Given data:
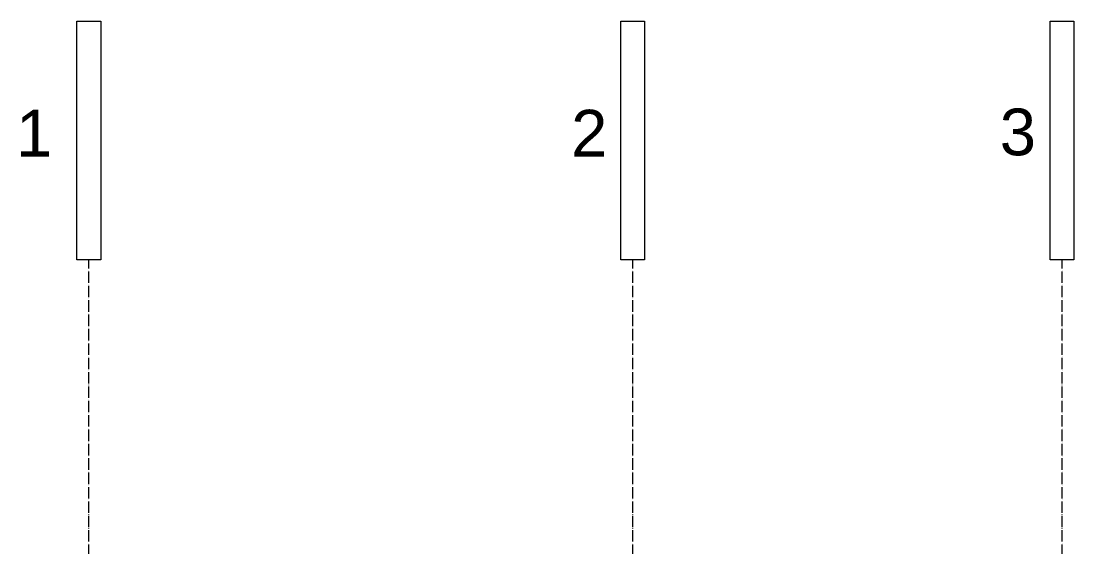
# Model space of a CAD drawing. Header units: millimetres. Extents: x -5631142 to 2070393, y -1055389 to 7396217.
# Drawn here: x 10185 to 12392, y 6649 to 7751 of the extents above; entities that cross this region are included whole.
import ezdxf

# ---------------------------------------------------------------- set-up
doc = ezdxf.new("R2010")
doc.units = ezdxf.units.MM
doc.header["$MEASUREMENT"] = 0
doc.linetypes.add('ACAD_ISO04W100', pattern=[30, 24, -3, 0, -3])
doc.layers.add('Axis', color=30, linetype='ACAD_ISO04W100', lineweight=9)
doc.layers.add('Text', color=2, linetype='Continuous', lineweight=13)
doc.styles.get("Standard").update_dxf_attribs({"font": 'arial.ttf'})

msp = doc.modelspace()

# ---------------------------------------------------------------- linework, layer by layer
at = {"layer": 'Axis'}
for p, q in [((10327.5, 2145.1), (10327.5, 7250.5)), ((11467.5, 2145.1), (11467.5, 7250.5)), ((12367.5, 2145.1), (12367.5, 7250.5))]:
    msp.add_line(p, q, dxfattribs=at)
at = {"layer": 'Text'}
for points in [[(10352.5, 7750.5), (10352.5, 7250.5), (10302.5, 7250.5), (10302.5, 7750.5), (10352.5, 7750.5)], [(11492.5, 7750.5), (11492.5, 7250.5), (11442.5, 7250.5), (11442.5, 7750.5), (11492.5, 7750.5)], [(12392.5, 7750.5), (12392.5, 7250.5), (12342.5, 7250.5), (12342.5, 7750.5), (12392.5, 7750.5)]]:
    msp.add_lwpolyline(points, dxfattribs=at)

# ---------------------------------------------------------------- texts
for s, p in [('1', (10174.9, 7466.7)), ('2', (11338.4, 7466.7)), ('3', (12236.9, 7469.3))]:
    msp.add_text(s, height=97.9, dxfattribs=at).set_placement(p)

doc.saveas('drawing.dxf')

Exercise:
Your answer should be the lines from the one containing "msp.add_lwpolyline(points, dxfattribs=at)" through the end of the records, both included, output exactly and with nothing added.

Answer to the exercise:
    msp.add_lwpolyline(points, dxfattribs=at)

# ---------------------------------------------------------------- texts
for s, p in [('1', (10174.9, 7466.7)), ('2', (11338.4, 7466.7)), ('3', (12236.9, 7469.3))]:
    msp.add_text(s, height=97.9, dxfattribs=at).set_placement(p)

doc.saveas('drawing.dxf')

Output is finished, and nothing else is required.